=== Dataset content ===

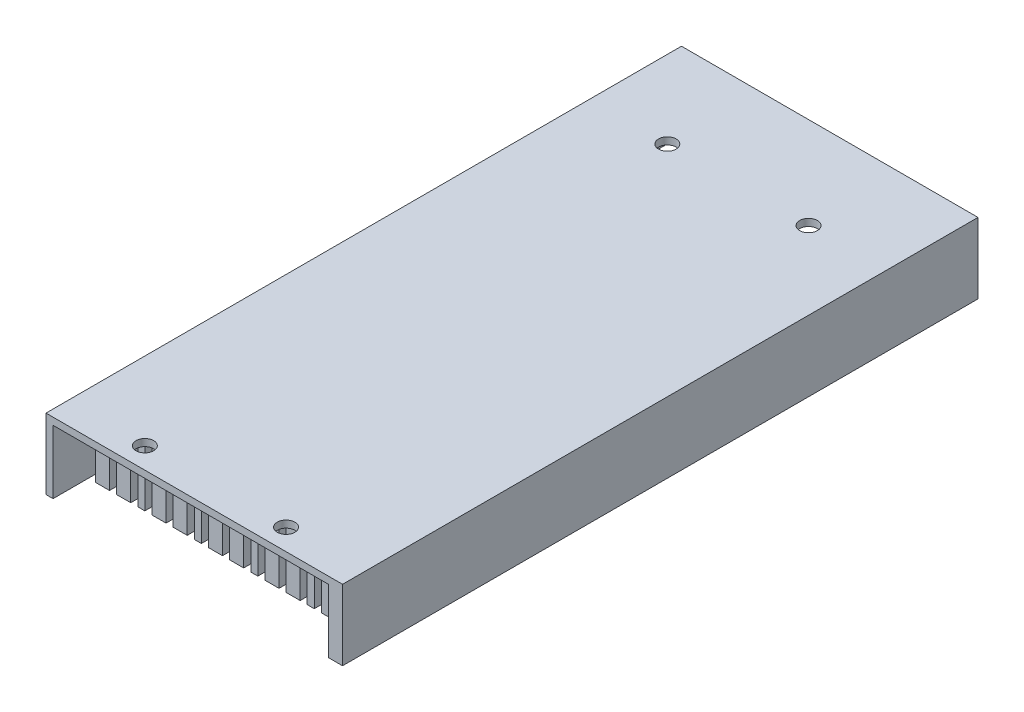
from build123d import *

# Parameters (mm, degrees)
BOSS_EXTRU_1_DEPTH      = 90
ESQUISSE3_W             = 39
ESQUISSE3_H             = 9
ENL_V_MAT_EXTRU_1_DEPTH = 5
ESQUISSE4_R             = 1.25
ENL_V_MAT_EXTRU_2_DEPTH = 5
ESQUISSE5_W             = 39
ESQUISSE5_H             = 9
ENL_V_MAT_EXTRU_3_DEPTH = 16


with BuildPart() as part:
    # Esquisse1 → Boss.-Extru.1 (new body)
    with BuildSketch(Plane.XY):
        Polygon((0, 0), (-2, 0), (-2, 9), (-3, 9), (-3, 0), (-5, 0), (-5, 9), (-6, 9), (-6, 0), (-8, 0), (-8, 9), (-9, 9), (-9, 0), (-10, 0), (-10, 9), (-11, 9), (-11, 0), (-13, 0), (-13, 9), (-14, 9), (-14, 0), (-16, 0), (-16, 9), (-17, 9), (-17, 0), (-18, 0), (-18, 9), (-19, 9), (-19, 0), (-21, 0), (-21, 9), (-22, 9), (-22, 0), (-24, 0), (-24, 9), (-25, 9), (-25, 0), (-26, 0), (-26, 9), (-27, 9), (-27, 0), (-29, 0), (-29, 9), (-30, 9), (-30, 0), (-32, 0), (-32, 9), (-33, 9), (-33, 0), (-34, 0), (-34, 9), (-35, 9), (-35, 0), (-37, 0), (-37, 9), (-38, 9), (-38, 0), (-40, 0), (-40, 9), (-41, 9), (-41, 0), (-42, 0), (-42, 10), (0, 10), align=None)
    extrude(amount=BOSS_EXTRU_1_DEPTH)

    # Esquisse3 → Enlèv. mat.-Extru.1 (cut)
    with BuildSketch(Plane.XY.offset(90)):
        with Locations((-21.5, 4.5)):
            Rectangle(ESQUISSE3_W, ESQUISSE3_H)
    extrude(amount=-ENL_V_MAT_EXTRU_1_DEPTH, mode=Mode.SUBTRACT)

    # Esquisse4 → Enlèv. mat.-Extru.2 (cut)
    with BuildSketch(Plane(origin=(0, 10, 0), x_dir=(1, 0, 0), z_dir=(0, 1, 0))):
        with Locations(Location((-31, -87, 0), (0, 0, 270))):
            Circle(ESQUISSE4_R)
        with Locations(Location((-11, -87, 0), (0, 0, 270))):
            Circle(ESQUISSE4_R)
        with Locations(Location((-11, -13, 0), (0, 0, 90))):
            Circle(ESQUISSE4_R)
        with Locations(Location((-31, -13, 0), (0, 0, 323.130102354))):
            Circle(ESQUISSE4_R)
    extrude(amount=-ENL_V_MAT_EXTRU_2_DEPTH, mode=Mode.SUBTRACT)

    # Esquisse5 → Enlèv. mat.-Extru.3 (cut)
    with BuildSketch(Plane(origin=(0, 0, 0), x_dir=(-1, 0, 0), z_dir=(0, 0, -1))):
        with Locations((21.5, 4.5)):
            Rectangle(ESQUISSE5_W, ESQUISSE5_H)
    extrude(amount=-ENL_V_MAT_EXTRU_3_DEPTH, mode=Mode.SUBTRACT)


solid = part.part

===

- What the exercise asks
What lines in the material include the string "with"? Pull each one out.

- Result for this task
with BuildPart() as part:
    with BuildSketch(Plane.XY):
    with BuildSketch(Plane.XY.offset(90)):
        with Locations((-21.5, 4.5)):
    with BuildSketch(Plane(origin=(0, 10, 0), x_dir=(1, 0, 0), z_dir=(0, 1, 0))):
        with Locations(Location((-31, -87, 0), (0, 0, 270))):
        with Locations(Location((-11, -87, 0), (0, 0, 270))):
        with Locations(Location((-11, -13, 0), (0, 0, 90))):
        with Locations(Location((-31, -13, 0), (0, 0, 323.130102354))):
    with BuildSketch(Plane(origin=(0, 0, 0), x_dir=(-1, 0, 0), z_dir=(0, 0, -1))):
        with Locations((21.5, 4.5)):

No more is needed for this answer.